** Exercise brief **
Copy out the data in full and exactly, passing over the pictures.
-- Opening Marker --
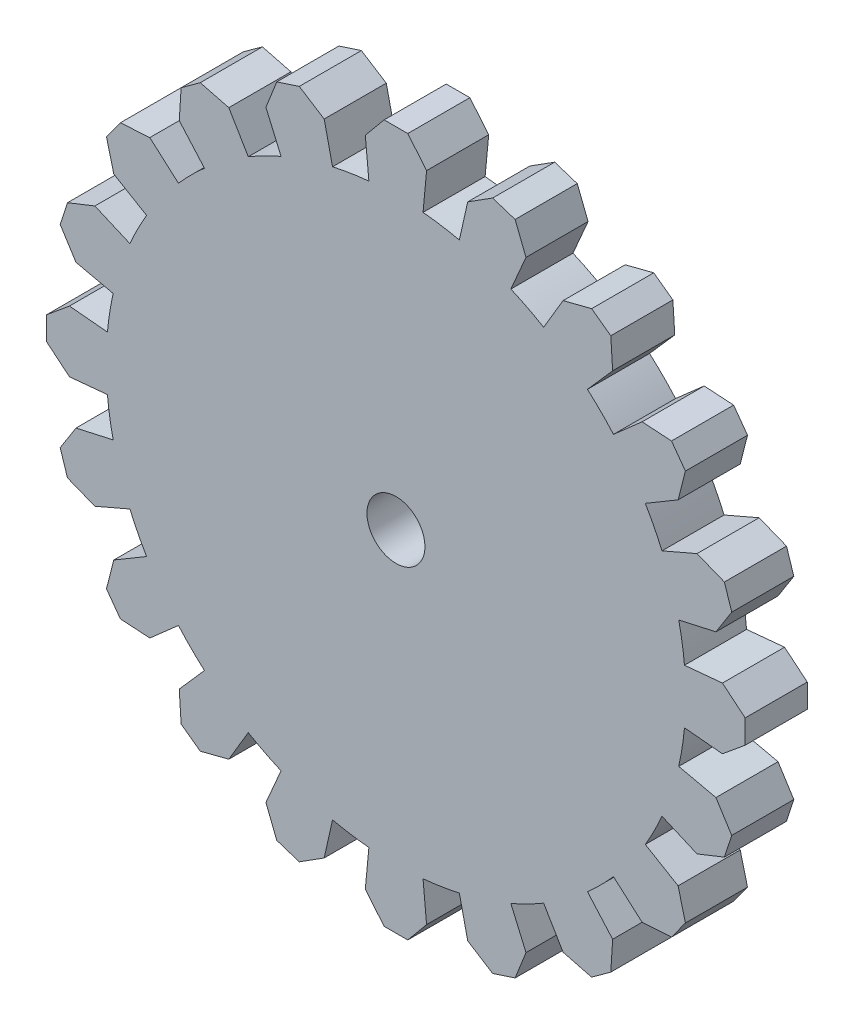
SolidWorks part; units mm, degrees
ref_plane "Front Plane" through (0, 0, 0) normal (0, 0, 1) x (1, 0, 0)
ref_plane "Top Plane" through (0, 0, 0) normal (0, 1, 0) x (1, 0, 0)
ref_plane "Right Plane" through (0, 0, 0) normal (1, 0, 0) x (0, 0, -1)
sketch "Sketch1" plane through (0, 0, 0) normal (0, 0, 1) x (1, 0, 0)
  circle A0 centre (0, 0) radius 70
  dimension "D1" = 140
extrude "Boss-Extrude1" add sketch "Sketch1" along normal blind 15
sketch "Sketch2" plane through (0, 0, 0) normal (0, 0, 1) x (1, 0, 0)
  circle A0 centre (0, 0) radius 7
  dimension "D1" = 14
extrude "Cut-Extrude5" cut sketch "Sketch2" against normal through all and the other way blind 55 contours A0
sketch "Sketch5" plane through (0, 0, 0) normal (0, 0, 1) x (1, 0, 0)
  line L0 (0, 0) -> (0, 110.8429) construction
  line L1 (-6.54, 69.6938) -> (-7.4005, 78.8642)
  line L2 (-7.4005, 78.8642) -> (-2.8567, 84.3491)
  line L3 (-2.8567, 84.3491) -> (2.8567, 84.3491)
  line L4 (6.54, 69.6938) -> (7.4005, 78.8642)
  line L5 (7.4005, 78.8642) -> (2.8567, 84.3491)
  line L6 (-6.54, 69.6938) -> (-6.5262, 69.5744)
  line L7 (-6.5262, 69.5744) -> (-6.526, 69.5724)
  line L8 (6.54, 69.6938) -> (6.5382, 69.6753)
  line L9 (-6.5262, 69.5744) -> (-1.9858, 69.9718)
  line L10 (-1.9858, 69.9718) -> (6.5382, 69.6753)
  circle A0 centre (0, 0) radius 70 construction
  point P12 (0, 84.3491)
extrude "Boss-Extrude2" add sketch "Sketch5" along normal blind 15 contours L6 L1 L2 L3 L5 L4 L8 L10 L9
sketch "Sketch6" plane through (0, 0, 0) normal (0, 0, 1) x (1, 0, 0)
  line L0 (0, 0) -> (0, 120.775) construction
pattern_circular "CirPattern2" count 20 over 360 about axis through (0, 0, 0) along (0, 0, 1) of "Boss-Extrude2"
-- Closing Marker --
** Solved exercise **
SolidWorks part; units mm, degrees
ref_plane "Front Plane" through (0, 0, 0) normal (0, 0, 1) x (1, 0, 0)
ref_plane "Top Plane" through (0, 0, 0) normal (0, 1, 0) x (1, 0, 0)
ref_plane "Right Plane" through (0, 0, 0) normal (1, 0, 0) x (0, 0, -1)
sketch "Sketch1" plane through (0, 0, 0) normal (0, 0, 1) x (1, 0, 0)
  circle A0 centre (0, 0) radius 70
  dimension "D1" = 140
extrude "Boss-Extrude1" add sketch "Sketch1" along normal blind 15
sketch "Sketch2" plane through (0, 0, 0) normal (0, 0, 1) x (1, 0, 0)
  circle A0 centre (0, 0) radius 7
  dimension "D1" = 14
extrude "Cut-Extrude5" cut sketch "Sketch2" against normal through all and the other way blind 55 contours A0
sketch "Sketch5" plane through (0, 0, 0) normal (0, 0, 1) x (1, 0, 0)
  line L0 (0, 0) -> (0, 110.8429) construction
  line L1 (-6.54, 69.6938) -> (-7.4005, 78.8642)
  line L2 (-7.4005, 78.8642) -> (-2.8567, 84.3491)
  line L3 (-2.8567, 84.3491) -> (2.8567, 84.3491)
  line L4 (6.54, 69.6938) -> (7.4005, 78.8642)
  line L5 (7.4005, 78.8642) -> (2.8567, 84.3491)
  line L6 (-6.54, 69.6938) -> (-6.5262, 69.5744)
  line L7 (-6.5262, 69.5744) -> (-6.526, 69.5724)
  line L8 (6.54, 69.6938) -> (6.5382, 69.6753)
  line L9 (-6.5262, 69.5744) -> (-1.9858, 69.9718)
  line L10 (-1.9858, 69.9718) -> (6.5382, 69.6753)
  circle A0 centre (0, 0) radius 70 construction
  point P12 (0, 84.3491)
extrude "Boss-Extrude2" add sketch "Sketch5" along normal blind 15 contours L6 L1 L2 L3 L5 L4 L8 L10 L9
sketch "Sketch6" plane through (0, 0, 0) normal (0, 0, 1) x (1, 0, 0)
  line L0 (0, 0) -> (0, 120.775) construction
pattern_circular "CirPattern2" count 20 over 360 about axis through (0, 0, 0) along (0, 0, 1) of "Boss-Extrude2"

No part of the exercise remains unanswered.